*Source data*
- - - -

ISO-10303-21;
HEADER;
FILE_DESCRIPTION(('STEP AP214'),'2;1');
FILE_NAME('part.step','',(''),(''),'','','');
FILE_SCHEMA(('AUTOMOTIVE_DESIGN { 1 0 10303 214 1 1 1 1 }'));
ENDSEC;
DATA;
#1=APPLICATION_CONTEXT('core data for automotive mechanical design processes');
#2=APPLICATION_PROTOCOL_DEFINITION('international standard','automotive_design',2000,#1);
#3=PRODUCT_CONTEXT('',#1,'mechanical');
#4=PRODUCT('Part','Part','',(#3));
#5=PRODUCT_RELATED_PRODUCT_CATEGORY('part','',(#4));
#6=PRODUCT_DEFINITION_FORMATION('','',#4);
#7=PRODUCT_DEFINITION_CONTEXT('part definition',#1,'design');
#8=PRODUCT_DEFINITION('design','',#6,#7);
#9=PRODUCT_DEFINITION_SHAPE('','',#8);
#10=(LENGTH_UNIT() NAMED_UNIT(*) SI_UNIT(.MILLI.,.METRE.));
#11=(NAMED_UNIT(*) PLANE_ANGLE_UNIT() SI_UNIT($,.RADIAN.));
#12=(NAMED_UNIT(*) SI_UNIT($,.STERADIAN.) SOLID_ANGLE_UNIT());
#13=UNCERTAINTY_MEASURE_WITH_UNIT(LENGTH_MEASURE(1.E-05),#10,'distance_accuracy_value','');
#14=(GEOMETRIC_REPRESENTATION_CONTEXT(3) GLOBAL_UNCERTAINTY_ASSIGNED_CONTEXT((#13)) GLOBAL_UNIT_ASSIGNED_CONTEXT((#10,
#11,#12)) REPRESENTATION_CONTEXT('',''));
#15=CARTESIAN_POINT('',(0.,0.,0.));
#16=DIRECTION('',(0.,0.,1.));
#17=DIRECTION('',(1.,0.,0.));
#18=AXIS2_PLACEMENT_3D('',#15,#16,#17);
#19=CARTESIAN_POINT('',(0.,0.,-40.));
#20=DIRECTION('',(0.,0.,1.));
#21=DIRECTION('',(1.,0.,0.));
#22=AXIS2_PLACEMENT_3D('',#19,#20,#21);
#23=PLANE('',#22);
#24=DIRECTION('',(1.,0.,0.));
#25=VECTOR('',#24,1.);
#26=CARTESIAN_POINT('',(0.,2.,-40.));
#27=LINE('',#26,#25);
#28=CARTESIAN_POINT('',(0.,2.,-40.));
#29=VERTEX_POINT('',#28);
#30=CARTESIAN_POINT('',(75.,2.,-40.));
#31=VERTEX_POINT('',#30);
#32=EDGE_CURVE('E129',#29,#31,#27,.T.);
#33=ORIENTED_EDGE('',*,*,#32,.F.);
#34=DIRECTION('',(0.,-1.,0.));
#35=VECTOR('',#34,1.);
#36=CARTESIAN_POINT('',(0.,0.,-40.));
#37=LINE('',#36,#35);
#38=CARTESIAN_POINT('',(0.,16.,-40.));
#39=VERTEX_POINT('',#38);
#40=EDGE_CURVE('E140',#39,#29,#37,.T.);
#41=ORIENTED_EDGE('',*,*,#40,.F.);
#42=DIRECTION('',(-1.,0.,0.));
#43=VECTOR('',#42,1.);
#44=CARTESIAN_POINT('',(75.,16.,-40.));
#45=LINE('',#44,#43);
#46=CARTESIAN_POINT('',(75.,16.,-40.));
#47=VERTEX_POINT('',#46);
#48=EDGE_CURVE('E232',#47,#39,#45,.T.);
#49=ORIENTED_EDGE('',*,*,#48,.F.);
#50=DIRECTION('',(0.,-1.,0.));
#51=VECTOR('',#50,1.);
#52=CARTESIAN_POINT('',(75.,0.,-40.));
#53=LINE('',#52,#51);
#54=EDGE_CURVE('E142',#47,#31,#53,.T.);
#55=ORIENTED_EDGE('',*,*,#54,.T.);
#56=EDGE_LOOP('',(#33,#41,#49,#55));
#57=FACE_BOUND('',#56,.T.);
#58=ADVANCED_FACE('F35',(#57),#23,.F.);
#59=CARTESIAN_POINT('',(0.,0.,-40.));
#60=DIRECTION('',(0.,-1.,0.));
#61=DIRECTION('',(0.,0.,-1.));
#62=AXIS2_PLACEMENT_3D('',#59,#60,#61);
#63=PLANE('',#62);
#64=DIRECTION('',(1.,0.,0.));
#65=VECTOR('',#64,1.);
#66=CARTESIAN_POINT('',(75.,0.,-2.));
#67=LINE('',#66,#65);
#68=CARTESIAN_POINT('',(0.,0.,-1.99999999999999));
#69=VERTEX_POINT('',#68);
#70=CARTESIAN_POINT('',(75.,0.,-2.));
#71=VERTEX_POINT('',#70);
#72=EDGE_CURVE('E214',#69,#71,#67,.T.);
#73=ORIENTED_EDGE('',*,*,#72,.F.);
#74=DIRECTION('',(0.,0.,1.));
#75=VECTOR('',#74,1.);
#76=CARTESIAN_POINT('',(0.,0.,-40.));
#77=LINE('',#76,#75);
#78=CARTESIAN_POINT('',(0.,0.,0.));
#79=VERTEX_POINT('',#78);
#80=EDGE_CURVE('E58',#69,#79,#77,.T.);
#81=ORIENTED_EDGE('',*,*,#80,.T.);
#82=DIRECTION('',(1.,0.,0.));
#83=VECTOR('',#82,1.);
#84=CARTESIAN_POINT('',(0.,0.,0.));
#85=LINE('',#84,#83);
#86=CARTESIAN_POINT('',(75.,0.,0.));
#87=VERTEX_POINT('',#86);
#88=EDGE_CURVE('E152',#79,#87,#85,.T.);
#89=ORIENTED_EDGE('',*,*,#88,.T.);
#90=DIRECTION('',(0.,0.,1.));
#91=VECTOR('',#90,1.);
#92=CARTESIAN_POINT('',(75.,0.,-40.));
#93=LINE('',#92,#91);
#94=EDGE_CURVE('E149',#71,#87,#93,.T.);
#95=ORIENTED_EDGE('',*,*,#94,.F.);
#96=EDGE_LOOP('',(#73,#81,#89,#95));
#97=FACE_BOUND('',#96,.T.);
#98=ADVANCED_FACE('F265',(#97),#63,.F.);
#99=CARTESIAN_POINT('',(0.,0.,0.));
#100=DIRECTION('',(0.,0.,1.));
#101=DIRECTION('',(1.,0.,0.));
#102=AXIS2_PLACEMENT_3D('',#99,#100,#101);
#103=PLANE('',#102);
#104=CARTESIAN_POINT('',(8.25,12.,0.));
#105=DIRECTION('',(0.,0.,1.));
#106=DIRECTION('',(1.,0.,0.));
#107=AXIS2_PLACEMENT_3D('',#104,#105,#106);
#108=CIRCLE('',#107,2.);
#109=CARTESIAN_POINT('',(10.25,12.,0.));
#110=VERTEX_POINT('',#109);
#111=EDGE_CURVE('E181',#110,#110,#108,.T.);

- - - -

*Required work*
Each entry in the listing is to be output exactly as given.

*Response*
ISO-10303-21;
HEADER;
FILE_DESCRIPTION(('STEP AP214'),'2;1');
FILE_NAME('part.step','',(''),(''),'','','');
FILE_SCHEMA(('AUTOMOTIVE_DESIGN { 1 0 10303 214 1 1 1 1 }'));
ENDSEC;
DATA;
#1=APPLICATION_CONTEXT('core data for automotive mechanical design processes');
#2=APPLICATION_PROTOCOL_DEFINITION('international standard','automotive_design',2000,#1);
#3=PRODUCT_CONTEXT('',#1,'mechanical');
#4=PRODUCT('Part','Part','',(#3));
#5=PRODUCT_RELATED_PRODUCT_CATEGORY('part','',(#4));
#6=PRODUCT_DEFINITION_FORMATION('','',#4);
#7=PRODUCT_DEFINITION_CONTEXT('part definition',#1,'design');
#8=PRODUCT_DEFINITION('design','',#6,#7);
#9=PRODUCT_DEFINITION_SHAPE('','',#8);
#10=(LENGTH_UNIT() NAMED_UNIT(*) SI_UNIT(.MILLI.,.METRE.));
#11=(NAMED_UNIT(*) PLANE_ANGLE_UNIT() SI_UNIT($,.RADIAN.));
#12=(NAMED_UNIT(*) SI_UNIT($,.STERADIAN.) SOLID_ANGLE_UNIT());
#13=UNCERTAINTY_MEASURE_WITH_UNIT(LENGTH_MEASURE(1.E-05),#10,'distance_accuracy_value','');
#14=(GEOMETRIC_REPRESENTATION_CONTEXT(3) GLOBAL_UNCERTAINTY_ASSIGNED_CONTEXT((#13)) GLOBAL_UNIT_ASSIGNED_CONTEXT((#10,
#11,#12)) REPRESENTATION_CONTEXT('',''));
#15=CARTESIAN_POINT('',(0.,0.,0.));
#16=DIRECTION('',(0.,0.,1.));
#17=DIRECTION('',(1.,0.,0.));
#18=AXIS2_PLACEMENT_3D('',#15,#16,#17);
#19=CARTESIAN_POINT('',(0.,0.,-40.));
#20=DIRECTION('',(0.,0.,1.));
#21=DIRECTION('',(1.,0.,0.));
#22=AXIS2_PLACEMENT_3D('',#19,#20,#21);
#23=PLANE('',#22);
#24=DIRECTION('',(1.,0.,0.));
#25=VECTOR('',#24,1.);
#26=CARTESIAN_POINT('',(0.,2.,-40.));
#27=LINE('',#26,#25);
#28=CARTESIAN_POINT('',(0.,2.,-40.));
#29=VERTEX_POINT('',#28);
#30=CARTESIAN_POINT('',(75.,2.,-40.));
#31=VERTEX_POINT('',#30);
#32=EDGE_CURVE('E129',#29,#31,#27,.T.);
#33=ORIENTED_EDGE('',*,*,#32,.F.);
#34=DIRECTION('',(0.,-1.,0.));
#35=VECTOR('',#34,1.);
#36=CARTESIAN_POINT('',(0.,0.,-40.));
#37=LINE('',#36,#35);
#38=CARTESIAN_POINT('',(0.,16.,-40.));
#39=VERTEX_POINT('',#38);
#40=EDGE_CURVE('E140',#39,#29,#37,.T.);
#41=ORIENTED_EDGE('',*,*,#40,.F.);
#42=DIRECTION('',(-1.,0.,0.));
#43=VECTOR('',#42,1.);
#44=CARTESIAN_POINT('',(75.,16.,-40.));
#45=LINE('',#44,#43);
#46=CARTESIAN_POINT('',(75.,16.,-40.));
#47=VERTEX_POINT('',#46);
#48=EDGE_CURVE('E232',#47,#39,#45,.T.);
#49=ORIENTED_EDGE('',*,*,#48,.F.);
#50=DIRECTION('',(0.,-1.,0.));
#51=VECTOR('',#50,1.);
#52=CARTESIAN_POINT('',(75.,0.,-40.));
#53=LINE('',#52,#51);
#54=EDGE_CURVE('E142',#47,#31,#53,.T.);
#55=ORIENTED_EDGE('',*,*,#54,.T.);
#56=EDGE_LOOP('',(#33,#41,#49,#55));
#57=FACE_BOUND('',#56,.T.);
#58=ADVANCED_FACE('F35',(#57),#23,.F.);
#59=CARTESIAN_POINT('',(0.,0.,-40.));
#60=DIRECTION('',(0.,-1.,0.));
#61=DIRECTION('',(0.,0.,-1.));
#62=AXIS2_PLACEMENT_3D('',#59,#60,#61);
#63=PLANE('',#62);
#64=DIRECTION('',(1.,0.,0.));
#65=VECTOR('',#64,1.);
#66=CARTESIAN_POINT('',(75.,0.,-2.));
#67=LINE('',#66,#65);
#68=CARTESIAN_POINT('',(0.,0.,-1.99999999999999));
#69=VERTEX_POINT('',#68);
#70=CARTESIAN_POINT('',(75.,0.,-2.));
#71=VERTEX_POINT('',#70);
#72=EDGE_CURVE('E214',#69,#71,#67,.T.);
#73=ORIENTED_EDGE('',*,*,#72,.F.);
#74=DIRECTION('',(0.,0.,1.));
#75=VECTOR('',#74,1.);
#76=CARTESIAN_POINT('',(0.,0.,-40.));
#77=LINE('',#76,#75);
#78=CARTESIAN_POINT('',(0.,0.,0.));
#79=VERTEX_POINT('',#78);
#80=EDGE_CURVE('E58',#69,#79,#77,.T.);
#81=ORIENTED_EDGE('',*,*,#80,.T.);
#82=DIRECTION('',(1.,0.,0.));
#83=VECTOR('',#82,1.);
#84=CARTESIAN_POINT('',(0.,0.,0.));
#85=LINE('',#84,#83);
#86=CARTESIAN_POINT('',(75.,0.,0.));
#87=VERTEX_POINT('',#86);
#88=EDGE_CURVE('E152',#79,#87,#85,.T.);
#89=ORIENTED_EDGE('',*,*,#88,.T.);
#90=DIRECTION('',(0.,0.,1.));
#91=VECTOR('',#90,1.);
#92=CARTESIAN_POINT('',(75.,0.,-40.));
#93=LINE('',#92,#91);
#94=EDGE_CURVE('E149',#71,#87,#93,.T.);
#95=ORIENTED_EDGE('',*,*,#94,.F.);
#96=EDGE_LOOP('',(#73,#81,#89,#95));
#97=FACE_BOUND('',#96,.T.);
#98=ADVANCED_FACE('F265',(#97),#63,.F.);
#99=CARTESIAN_POINT('',(0.,0.,0.));
#100=DIRECTION('',(0.,0.,1.));
#101=DIRECTION('',(1.,0.,0.));
#102=AXIS2_PLACEMENT_3D('',#99,#100,#101);
#103=PLANE('',#102);
#104=CARTESIAN_POINT('',(8.25,12.,0.));
#105=DIRECTION('',(0.,0.,1.));
#106=DIRECTION('',(1.,0.,0.));
#107=AXIS2_PLACEMENT_3D('',#104,#105,#106);
#108=CIRCLE('',#107,2.);
#109=CARTESIAN_POINT('',(10.25,12.,0.));
#110=VERTEX_POINT('',#109);
#111=EDGE_CURVE('E181',#110,#110,#108,.T.);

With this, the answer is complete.